Extracted records: Begin

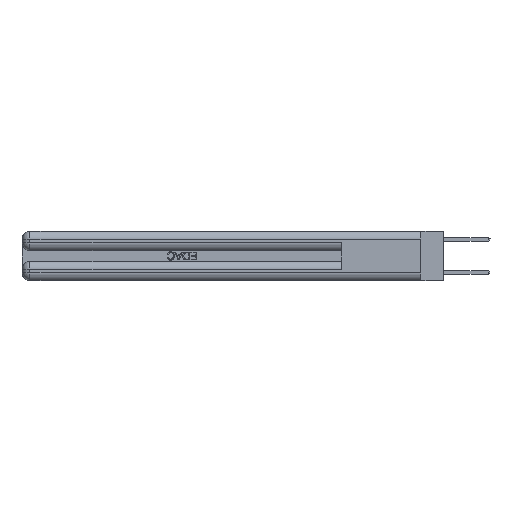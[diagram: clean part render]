
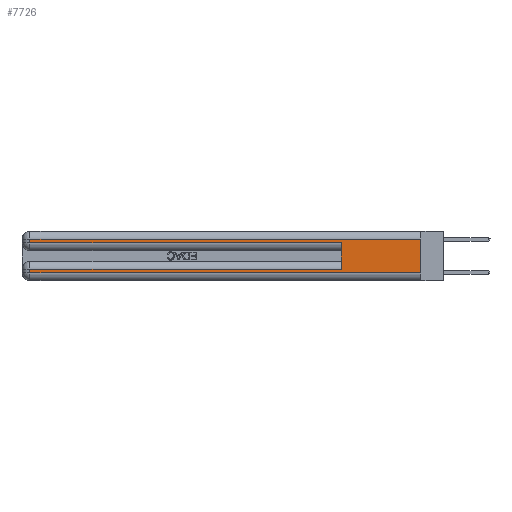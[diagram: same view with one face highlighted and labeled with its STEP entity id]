
A CAD part, left-side view. The second image highlights one B-rep face of the part: STEP entity #7726.
In plain terms, the highlighted planar face has unit normal (-1, 0, 0).
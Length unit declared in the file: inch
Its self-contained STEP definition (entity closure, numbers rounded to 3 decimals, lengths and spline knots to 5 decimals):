
#483 = DIRECTION ( 'NONE',  ( 1., 0., 0. ) ) ;
#1186 = PLANE ( 'NONE',  #19913 ) ;
#1325 = CARTESIAN_POINT ( 'NONE',  ( 0., 0., 0.31 ) ) ;
#2356 = LINE ( 'NONE', #18788, #3348 ) ;
#3005 = LINE ( 'NONE', #22045, #14640 ) ;
#3050 = LINE ( 'NONE', #23939, #21876 ) ;
#3135 = CARTESIAN_POINT ( 'NONE',  ( 0., 0.6, 0.285 ) ) ;
#3348 = VECTOR ( 'NONE', #11640, 39.37008 ) ;
#4142 = DIRECTION ( 'NONE',  ( 0., 0., -1. ) ) ;
#4411 = CARTESIAN_POINT ( 'NONE',  ( 0., 0., 0.37 ) ) ;
#4921 = ORIENTED_EDGE ( 'NONE', *, *, #17834, .T. ) ;
#5814 = VECTOR ( 'NONE', #25473, 39.37008 ) ;
#5973 = ORIENTED_EDGE ( 'NONE', *, *, #6416, .T. ) ;
#6234 = VECTOR ( 'NONE', #20308, 39.37008 ) ;
#6296 = CARTESIAN_POINT ( 'NONE',  ( 0., 2.94, 0.37 ) ) ;
#6416 = EDGE_CURVE ( 'NONE', #10710, #29371, #3005, .T. ) ;
#6460 = VERTEX_POINT ( 'NONE', #1325 ) ;
#7179 = CARTESIAN_POINT ( 'NONE',  ( 0., 0., 0.285 ) ) ;
#7595 = EDGE_CURVE ( 'NONE', #6460, #29371, #25033, .T. ) ;
#7726 = ADVANCED_FACE ( 'NONE', ( #14179 ), #1186, .F. ) ;
#8183 = CARTESIAN_POINT ( 'NONE',  ( 0., 2.94, 0.06 ) ) ;
#8397 = ORIENTED_EDGE ( 'NONE', *, *, #13000, .T. ) ;
#9335 = ORIENTED_EDGE ( 'NONE', *, *, #21855, .T. ) ;
#9799 = ORIENTED_EDGE ( 'NONE', *, *, #25341, .T. ) ;
#10225 = VERTEX_POINT ( 'NONE', #24566 ) ;
#10710 = VERTEX_POINT ( 'NONE', #8183 ) ;
#11241 = EDGE_CURVE ( 'NONE', #28706, #28387, #23354, .T. ) ;
#11640 = DIRECTION ( 'NONE',  ( 0., 1., 0. ) ) ;
#12295 = DIRECTION ( 'NONE',  ( 0., -1., 0. ) ) ;
#12493 = DIRECTION ( 'NONE',  ( 0., 0., 1. ) ) ;
#13000 = EDGE_CURVE ( 'NONE', #21127, #28706, #13157, .T. ) ;
#13157 = LINE ( 'NONE', #6296, #6234 ) ;
#13592 = EDGE_CURVE ( 'NONE', #24316, #28387, #3050, .T. ) ;
#14179 = FACE_OUTER_BOUND ( 'NONE', #17587, .T. ) ;
#14640 = VECTOR ( 'NONE', #12295, 39.37008 ) ;
#15031 = CARTESIAN_POINT ( 'NONE',  ( 0., 0., 0.085 ) ) ;
#16512 = CARTESIAN_POINT ( 'NONE',  ( 0., 2.94, 0.285 ) ) ;
#17587 = EDGE_LOOP ( 'NONE', ( #24046, #4921, #8397, #23573, #21399, #9799, #9335, #5973 ) ) ;
#17834 = EDGE_CURVE ( 'NONE', #6460, #21127, #2356, .T. ) ;
#17911 = VECTOR ( 'NONE', #24504, 39.37008 ) ;
#18309 = CARTESIAN_POINT ( 'NONE',  ( 0., 2.94, 0.37 ) ) ;
#18788 = CARTESIAN_POINT ( 'NONE',  ( 0., 0., 0.31 ) ) ;
#19913 = AXIS2_PLACEMENT_3D ( 'NONE', #25780, #483, #23935 ) ;
#20308 = DIRECTION ( 'NONE',  ( 0., 0., -1. ) ) ;
#20597 = DIRECTION ( 'NONE',  ( 0., -1., 0. ) ) ;
#21127 = VERTEX_POINT ( 'NONE', #28053 ) ;
#21399 = ORIENTED_EDGE ( 'NONE', *, *, #13592, .F. ) ;
#21855 = EDGE_CURVE ( 'NONE', #10225, #10710, #25355, .T. ) ;
#21876 = VECTOR ( 'NONE', #12493, 39.37008 ) ;
#22045 = CARTESIAN_POINT ( 'NONE',  ( 0., 0., 0.06 ) ) ;
#23354 = LINE ( 'NONE', #7179, #24624 ) ;
#23573 = ORIENTED_EDGE ( 'NONE', *, *, #11241, .T. ) ;
#23935 = DIRECTION ( 'NONE',  ( 0., 0., -1. ) ) ;
#23939 = CARTESIAN_POINT ( 'NONE',  ( 0., 0.6, 0.145 ) ) ;
#24046 = ORIENTED_EDGE ( 'NONE', *, *, #7595, .F. ) ;
#24049 = CARTESIAN_POINT ( 'NONE',  ( 0., 0.6, 0.085 ) ) ;
#24316 = VERTEX_POINT ( 'NONE', #24049 ) ;
#24504 = DIRECTION ( 'NONE',  ( 0., 1., 0. ) ) ;
#24566 = CARTESIAN_POINT ( 'NONE',  ( 0., 2.94, 0.085 ) ) ;
#24624 = VECTOR ( 'NONE', #20597, 39.37008 ) ;
#24652 = LINE ( 'NONE', #15031, #17911 ) ;
#25033 = LINE ( 'NONE', #4411, #5814 ) ;
#25341 = EDGE_CURVE ( 'NONE', #24316, #10225, #24652, .T. ) ;
#25355 = LINE ( 'NONE', #18309, #26477 ) ;
#25473 = DIRECTION ( 'NONE',  ( 0., 0., -1. ) ) ;
#25780 = CARTESIAN_POINT ( 'NONE',  ( 0., 0., 0.37 ) ) ;
#26477 = VECTOR ( 'NONE', #4142, 39.37008 ) ;
#26693 = CARTESIAN_POINT ( 'NONE',  ( 0., 0., 0.06 ) ) ;
#28053 = CARTESIAN_POINT ( 'NONE',  ( 0., 2.94, 0.31 ) ) ;
#28387 = VERTEX_POINT ( 'NONE', #3135 ) ;
#28706 = VERTEX_POINT ( 'NONE', #16512 ) ;
#29371 = VERTEX_POINT ( 'NONE', #26693 ) ;

Extracted records: End

**What you will do**
Apart from the pictures, all of the data should be repeated exactly.

**Output of the task**
[diagram: clean part render]
[diagram: same view with one face highlighted and labeled with its STEP entity id]
A CAD part, left-side view. The second image highlights one B-rep face of the part: STEP entity #7726.
In plain terms, the highlighted planar face has unit normal (-1, 0, 0).
Length unit declared in the file: inch
Its self-contained STEP definition (entity closure, numbers rounded to 3 decimals, lengths and spline knots to 5 decimals):
#483 = DIRECTION ( 'NONE',  ( 1., 0., 0. ) ) ;
#1186 = PLANE ( 'NONE',  #19913 ) ;
#1325 = CARTESIAN_POINT ( 'NONE',  ( 0., 0., 0.31 ) ) ;
#2356 = LINE ( 'NONE', #18788, #3348 ) ;
#3005 = LINE ( 'NONE', #22045, #14640 ) ;
#3050 = LINE ( 'NONE', #23939, #21876 ) ;
#3135 = CARTESIAN_POINT ( 'NONE',  ( 0., 0.6, 0.285 ) ) ;
#3348 = VECTOR ( 'NONE', #11640, 39.37008 ) ;
#4142 = DIRECTION ( 'NONE',  ( 0., 0., -1. ) ) ;
#4411 = CARTESIAN_POINT ( 'NONE',  ( 0., 0., 0.37 ) ) ;
#4921 = ORIENTED_EDGE ( 'NONE', *, *, #17834, .T. ) ;
#5814 = VECTOR ( 'NONE', #25473, 39.37008 ) ;
#5973 = ORIENTED_EDGE ( 'NONE', *, *, #6416, .T. ) ;
#6234 = VECTOR ( 'NONE', #20308, 39.37008 ) ;
#6296 = CARTESIAN_POINT ( 'NONE',  ( 0., 2.94, 0.37 ) ) ;
#6416 = EDGE_CURVE ( 'NONE', #10710, #29371, #3005, .T. ) ;
#6460 = VERTEX_POINT ( 'NONE', #1325 ) ;
#7179 = CARTESIAN_POINT ( 'NONE',  ( 0., 0., 0.285 ) ) ;
#7595 = EDGE_CURVE ( 'NONE', #6460, #29371, #25033, .T. ) ;
#7726 = ADVANCED_FACE ( 'NONE', ( #14179 ), #1186, .F. ) ;
#8183 = CARTESIAN_POINT ( 'NONE',  ( 0., 2.94, 0.06 ) ) ;
#8397 = ORIENTED_EDGE ( 'NONE', *, *, #13000, .T. ) ;
#9335 = ORIENTED_EDGE ( 'NONE', *, *, #21855, .T. ) ;
#9799 = ORIENTED_EDGE ( 'NONE', *, *, #25341, .T. ) ;
#10225 = VERTEX_POINT ( 'NONE', #24566 ) ;
#10710 = VERTEX_POINT ( 'NONE', #8183 ) ;
#11241 = EDGE_CURVE ( 'NONE', #28706, #28387, #23354, .T. ) ;
#11640 = DIRECTION ( 'NONE',  ( 0., 1., 0. ) ) ;
#12295 = DIRECTION ( 'NONE',  ( 0., -1., 0. ) ) ;
#12493 = DIRECTION ( 'NONE',  ( 0., 0., 1. ) ) ;
#13000 = EDGE_CURVE ( 'NONE', #21127, #28706, #13157, .T. ) ;
#13157 = LINE ( 'NONE', #6296, #6234 ) ;
#13592 = EDGE_CURVE ( 'NONE', #24316, #28387, #3050, .T. ) ;
#14179 = FACE_OUTER_BOUND ( 'NONE', #17587, .T. ) ;
#14640 = VECTOR ( 'NONE', #12295, 39.37008 ) ;
#15031 = CARTESIAN_POINT ( 'NONE',  ( 0., 0., 0.085 ) ) ;
#16512 = CARTESIAN_POINT ( 'NONE',  ( 0., 2.94, 0.285 ) ) ;
#17587 = EDGE_LOOP ( 'NONE', ( #24046, #4921, #8397, #23573, #21399, #9799, #9335, #5973 ) ) ;
#17834 = EDGE_CURVE ( 'NONE', #6460, #21127, #2356, .T. ) ;
#17911 = VECTOR ( 'NONE', #24504, 39.37008 ) ;
#18309 = CARTESIAN_POINT ( 'NONE',  ( 0., 2.94, 0.37 ) ) ;
#18788 = CARTESIAN_POINT ( 'NONE',  ( 0., 0., 0.31 ) ) ;
#19913 = AXIS2_PLACEMENT_3D ( 'NONE', #25780, #483, #23935 ) ;
#20308 = DIRECTION ( 'NONE',  ( 0., 0., -1. ) ) ;
#20597 = DIRECTION ( 'NONE',  ( 0., -1., 0. ) ) ;
#21127 = VERTEX_POINT ( 'NONE', #28053 ) ;
#21399 = ORIENTED_EDGE ( 'NONE', *, *, #13592, .F. ) ;
#21855 = EDGE_CURVE ( 'NONE', #10225, #10710, #25355, .T. ) ;
#21876 = VECTOR ( 'NONE', #12493, 39.37008 ) ;
#22045 = CARTESIAN_POINT ( 'NONE',  ( 0., 0., 0.06 ) ) ;
#23354 = LINE ( 'NONE', #7179, #24624 ) ;
#23573 = ORIENTED_EDGE ( 'NONE', *, *, #11241, .T. ) ;
#23935 = DIRECTION ( 'NONE',  ( 0., 0., -1. ) ) ;
#23939 = CARTESIAN_POINT ( 'NONE',  ( 0., 0.6, 0.145 ) ) ;
#24046 = ORIENTED_EDGE ( 'NONE', *, *, #7595, .F. ) ;
#24049 = CARTESIAN_POINT ( 'NONE',  ( 0., 0.6, 0.085 ) ) ;
#24316 = VERTEX_POINT ( 'NONE', #24049 ) ;
#24504 = DIRECTION ( 'NONE',  ( 0., 1., 0. ) ) ;
#24566 = CARTESIAN_POINT ( 'NONE',  ( 0., 2.94, 0.085 ) ) ;
#24624 = VECTOR ( 'NONE', #20597, 39.37008 ) ;
#24652 = LINE ( 'NONE', #15031, #17911 ) ;
#25033 = LINE ( 'NONE', #4411, #5814 ) ;
#25341 = EDGE_CURVE ( 'NONE', #24316, #10225, #24652, .T. ) ;
#25355 = LINE ( 'NONE', #18309, #26477 ) ;
#25473 = DIRECTION ( 'NONE',  ( 0., 0., -1. ) ) ;
#25780 = CARTESIAN_POINT ( 'NONE',  ( 0., 0., 0.37 ) ) ;
#26477 = VECTOR ( 'NONE', #4142, 39.37008 ) ;
#26693 = CARTESIAN_POINT ( 'NONE',  ( 0., 0., 0.06 ) ) ;
#28053 = CARTESIAN_POINT ( 'NONE',  ( 0., 2.94, 0.31 ) ) ;
#28387 = VERTEX_POINT ( 'NONE', #3135 ) ;
#28706 = VERTEX_POINT ( 'NONE', #16512 ) ;
#29371 = VERTEX_POINT ( 'NONE', #26693 ) ;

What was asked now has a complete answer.